(Beginning of PROVIDED ENTRIES)
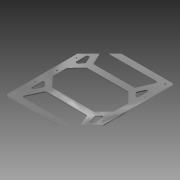
# Autodesk Inventor part: ZBedPlate
Saved by Autodesk Inventor 2015 SP1 (Build 190203100, 203)
## iProperties
Category: Sheet Metal
Created: 2015-01-11
Part Number: ZBedPlate
Material: Steel, Alloy
Document SubType Name: Modeling
Designer: Jack
Density: 7.73 g/cm^3
Appearance: Semi-Polished
Mass: 734.813 g
Surface Area: 727.52 cm^2
Volume: 95.0599 cm^3
Catalog Web Link: N/A
Author: Jack
Title: Bed Support Plate
Autodesk Inventor part; units mm, degrees
ref_plane "YZ Plane" through (0, 0, 0) normal (1, 0, 0) x (0, 1, 0)
ref_plane "XZ Plane" through (0, 0, 0) normal (0, 1, 0) x (-1, 0, 0)
ref_plane "XY Plane" through (0, 0, 0) normal (0, 0, 1) x (1, 0, 0)
sketch "Sketch1" plane through (0, 0, 0) normal (0, 0, 1) x (1, 0, 0)
  line L0 (0, 0) -> (236.5, 0)
  line L1 (236.5, 0) -> (236.5, 296)
  line L2 (236.5, 296) -> (0, 296)
  line L3 (0, 296) -> (0, 0)
  dimension "d0" = 236.5
  dimension "d1" = 296
  constraints: 8 end point, 2 parallel, 1 horizontal, 1 perpendicular
  measures "d0" distance of L0.start L0.end
  measures "d1" distance of L2.end L0.start
extrude "Extrusion1" add sketch "Sketch1" along normal blind 3
sketch "Sketch2" plane through (0, 0, 3) normal (0, 0, 1) x (1, 0, 0)
  line L0 (0, 0) -> (236.5, 0) projected
  line L1 (236.5, 0) -> (236.5, 296) projected
  line L2 (236.5, 296) -> (0, 296) projected
  line L3 (0, 296) -> (0, 0) projected
  line L4 (207.918, 276) -> (27.918, 276)
  line L5 (27.918, 276) -> (52.6323, 223)
  line L6 (52.6323, 223) -> (184.8589, 223)
  line L7 (184.8589, 223) -> (207.918, 276)
  line L8 (216.5, 255.6203) -> (197.8143, 212.6721)
  line L9 (197.8143, 212.6721) -> (216.5, 193.9864)
  line L10 (216.5, 171.3589) -> (184.8589, 203)
  line L11 (216.5, 255.6203) -> (216.5, 193.9864)
  line L12 (184.8589, 203) -> (52.6323, 203)
  line L13 (52.6323, 203) -> (22.4102, 170.0009)
  line L14 (20, 255.1209) -> (39.7942, 212.6721)
  line L15 (39.7942, 212.6721) -> (20, 191.059)
  line L16 (20, 191.059) -> (20, 255.1209)
  line L17 (22.4102, 125.9991) -> (52.6323, 93)
  line L18 (52.6323, 93) -> (184.8589, 93)
  line L19 (184.8589, 93) -> (216.5, 124.6411)
  line L20 (216.5, 124.6411) -> (216.5, 171.3589)
  line L21 (216.5, 102.0136) -> (197.8143, 83.3279)
  line L22 (197.8143, 83.3279) -> (216.5, 40.3797)
  line L23 (216.5, 40.3797) -> (216.5, 102.0136)
  line L24 (20, 104.941) -> (39.7942, 83.3279)
  line L25 (39.7942, 83.3279) -> (20, 40.8791)
  line L26 (20, 40.8791) -> (20, 104.941)
  line L27 (27.918, 20) -> (207.918, 20)
  line L28 (207.918, 20) -> (184.8589, 73)
  line L29 (184.8589, 73) -> (52.6323, 73)
  line L30 (52.6323, 73) -> (27.918, 20)
  line L31 (22.4102, 125.9991) -> (22.4102, 170.0009)
  dimension "d19" = 65
  dimension "d29" = 110
  dimension "d31" = 20
  dimension "d32" = 20
  dimension "d33" = 20
  dimension "d34" = 20
  dimension "d35" = 20
  dimension "d40" = 16
  dimension "d41" = 16
  dimension "d52" = 180
  dimension "d55" = 135
  dimension "d59" = 20
  dimension "d60" = 16
  dimension "d61" = 16
  dimension "d62" = 16
  dimension "d63" = 16
  dimension "d64" = 20
  constraints: 56 end point, 11 parallel, 9 vertical alignment, 8 equal length, 5 vertical, 4 horizontal, 2 horizontal alignment
  measures "d19" angle of L27 L30
  measures "d29" distance between parallel lines of L18 L12
  measures "d31" distance between parallel lines of L6 L12
  measures "d32" distance between parallel lines of L2 L4
  measures "d33" distance between parallel lines of L0 L27
  measures "d34" distance between parallel lines of L1 L11
  measures "d35" distance between parallel lines of L3 L16
  measures "d40" distance between parallel lines of L13 L15
  measures "d41" distance between parallel lines of L9 L10
  measures "d52" distance of L27.start L27.end
  measures "d55" angle of L12 L10
  measures "d59" distance between parallel lines of L29 L18
  measures "d60" distance between parallel lines of L30 L25
  measures "d61" distance between parallel lines of L22 L28
  measures "d62" distance between parallel lines of L8 L7
  measures "d63" distance between parallel lines of L14 L5
  measures "d64" distance between parallel lines of L1 L20
extrude "Extrusion2" cut sketch "Sketch2" against normal up to next contours L7 L6 L5 L4 | L11 L9 L8 | L20 L19 L18 L17 L31 L13 L12 L10 | L14 L15 L16 | L23 L22 L21 | L24 L25 L26 | L30 L29 L28 L27
sketch "Sketch3" plane through (0, 0, 3) normal (0, 0, 1) x (1, 0, 0)
  line L0 (0, 0) -> (236.5, 0) projected
  line L1 (236.5, 0) -> (236.5, 296) projected
  line L2 (236.5, 296) -> (0, 296) projected
  line L3 (0, 296) -> (0, 0) projected
  circle A0 centre (222.5, 282) radius 2.25
  circle A1 centre (14, 148) radius 2.25
  circle A2 centre (222.5, 14) radius 2.25
  dimension "d44" = 4.5
  dimension "d45" = 14
  dimension "d46" = 14
  dimension "d47" = 14
  dimension "d56" = 148
  dimension "d57" = 14
  constraints: 3 centre point, 2 equal radius, 1 vertical alignment
  measures "d44" diameter of A0
  measures "d45" distance from line of L1 A0.centre
  measures "d46" distance from line of L2 A0.centre
  measures "d47" distance from line of L0 A2.centre
  measures "d56" distance from line of L2 A1.centre
  measures "d57" distance from line of L3 A1.centre
extrude "Extrusion3" cut sketch "Sketch3" against normal up to next contours A0 | A1 | A2
fillet "Fillet1" radius 4.7625 28 edges at (27.918, 20, 1.5) (207.918, 20, 1.5) (184.8589, 73, 1.5) (52.6323, 73, 1.5) (20, 40.8791, 1.5) (39.7942, 83.3279, 1.5) (20, 104.941, 1.5) (39.7942, 212.6721, 1.5) (20, 191.059, 1.5) (20, 255.1209, 1.5) (27.918, 276, 1.5) (52.6323, 223, 1.5) (184.8589, 223, 1.5) (207.918, 276, 1.5) (197.8143, 83.3279, 1.5) (216.5, 40.3797, 1.5) (216.5, 102.0136, 1.5) (216.5, 193.9864, 1.5) (197.8143, 212.6721, 1.5) (216.5, 255.6203, 1.5) (216.5, 124.6411, 1.5) (216.5, 171.3589, 1.5) (184.8589, 93, 1.5) (184.8589, 203, 1.5) (52.6323, 203, 1.5) (22.4102, 170.0009, 1.5) (22.4102, 125.9991, 1.5) (52.6323, 93, 1.5)
fillet "Fillet2" radius 5 4 edges at (236.5, 0, 1.5) (0, 0, 1.5) (0, 296, 1.5) (236.5, 296, 1.5)
sketch "Sketch4" plane through (0, 0, 0) normal (0, 0, -1) x (-1, 0, 0)
  line L0 (-182.8862, 203) -> (-54.7286, 203) projected
  line L1 (-54.7286, 93) -> (-182.8862, 93) projected
  line L2 (-236.5, 5) -> (-236.5, 291) projected
  line L3 (0, 291) -> (0, 5) projected
  point P0 (0, 0)
  point P1 (-10, 213)
  point P2 (-226.5, 213)
  point P3 (-10, 83)
  point P4 (-226.5, 83)
  dimension "d65" = 10
  dimension "d66" = 10
  dimension "d67" = 10
  dimension "d68" = 10
  constraints: 2 horizontal alignment, 2 vertical alignment
  measures "d65" distance from line of point (-10, 213) L0
  measures "d66" distance from line of point (-10, 83) L1
  measures "d67" distance from line of L2 point (-226.5, 83)
  measures "d68" distance from line of L3 point (-10, 83)
hole "Hole1" at (10, 213, 0) at (226.5, 213, 0) at (10, 83, 0) at (226.5, 83, 0) direction (0, 0, 1) diameter 4 end through all countersink diameter 8 countersink angle 90
body "Solid1"
(End of PROVIDED ENTRIES)
What is the number of lines above that contain "circle"? Reply with that number only.

3